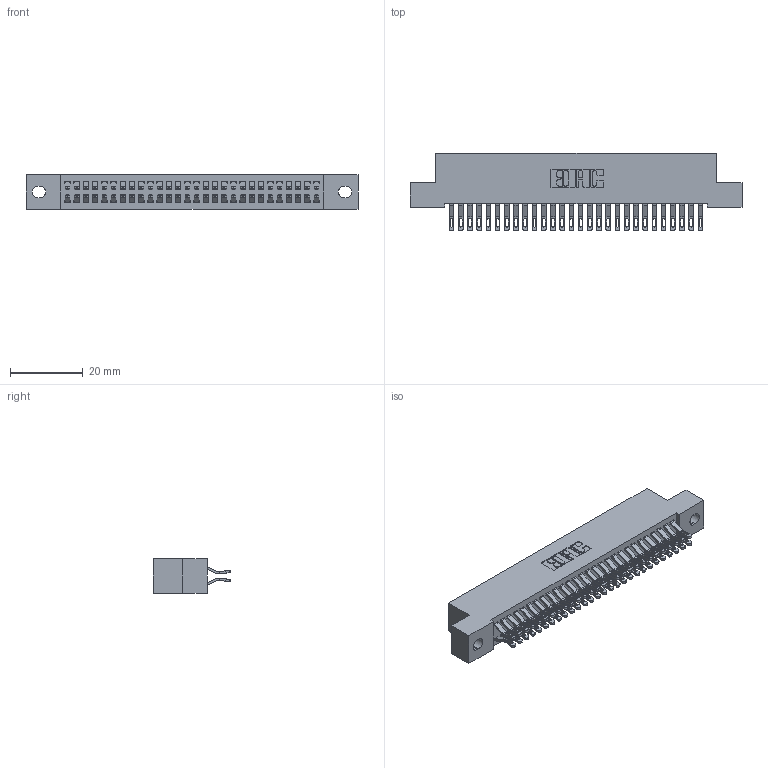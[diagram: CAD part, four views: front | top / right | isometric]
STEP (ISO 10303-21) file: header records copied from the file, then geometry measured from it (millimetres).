
FILE_DESCRIPTION (( 'STEP AP203' ), '1' );
FILE_NAME ('392-056-555-202.STEP', '2019-10-08T15:23:32', ( '' ), ( '' ), 'SwSTEP 2.0', 'SolidWorks 2016', '' );
FILE_SCHEMA (( 'CONFIG_CONTROL_DESIGN' ));
Length unit declared in the file: inch
Products named in the file (3): 342 Part_.128 Slot; 345-292-001_555 Tail; 392-056-555-202
Assembly tree (57 placements, depth 2):
  392-056-555-202
    342 Part_.128 Slot
    345-292-001_555 Tail  x56
Bounding box: 91.44 x 21.47 x 9.4 mm (x, y, z)
Volume: 8253.1 mm3; surface area: 13390.3 mm2
Topology: 57 solids, 57 shells, 3362 faces, 10559 edges, 7038 vertices
Faces by surface type: plane 1974, cylinder 1388
Entity records: 20153 total; most frequent: CARTESIAN_POINT 3392, ORIENTED_EDGE 3298, DIRECTION 2893, EDGE_CURVE 1649, VECTOR 1501, LINE 1501, VERTEX_POINT 1098, AXIS2_PLACEMENT_3D 696

• [What needs to be done] Give every entry again verbatim, with no pictures.

• [Response below]
[diagram: CAD part, four views: front | top / right | isometric]
STEP (ISO 10303-21) file: header records copied from the file, then geometry measured from it (millimetres).
FILE_DESCRIPTION (( 'STEP AP203' ), '1' );
FILE_NAME ('392-056-555-202.STEP', '2019-10-08T15:23:32', ( '' ), ( '' ), 'SwSTEP 2.0', 'SolidWorks 2016', '' );
FILE_SCHEMA (( 'CONFIG_CONTROL_DESIGN' ));
Length unit declared in the file: inch
Products named in the file (3): 342 Part_.128 Slot; 345-292-001_555 Tail; 392-056-555-202
Assembly tree (57 placements, depth 2):
  392-056-555-202
    342 Part_.128 Slot
    345-292-001_555 Tail  x56
Bounding box: 91.44 x 21.47 x 9.4 mm (x, y, z)
Volume: 8253.1 mm3; surface area: 13390.3 mm2
Topology: 57 solids, 57 shells, 3362 faces, 10559 edges, 7038 vertices
Faces by surface type: plane 1974, cylinder 1388
Entity records: 20153 total; most frequent: CARTESIAN_POINT 3392, ORIENTED_EDGE 3298, DIRECTION 2893, EDGE_CURVE 1649, VECTOR 1501, LINE 1501, VERTEX_POINT 1098, AXIS2_PLACEMENT_3D 696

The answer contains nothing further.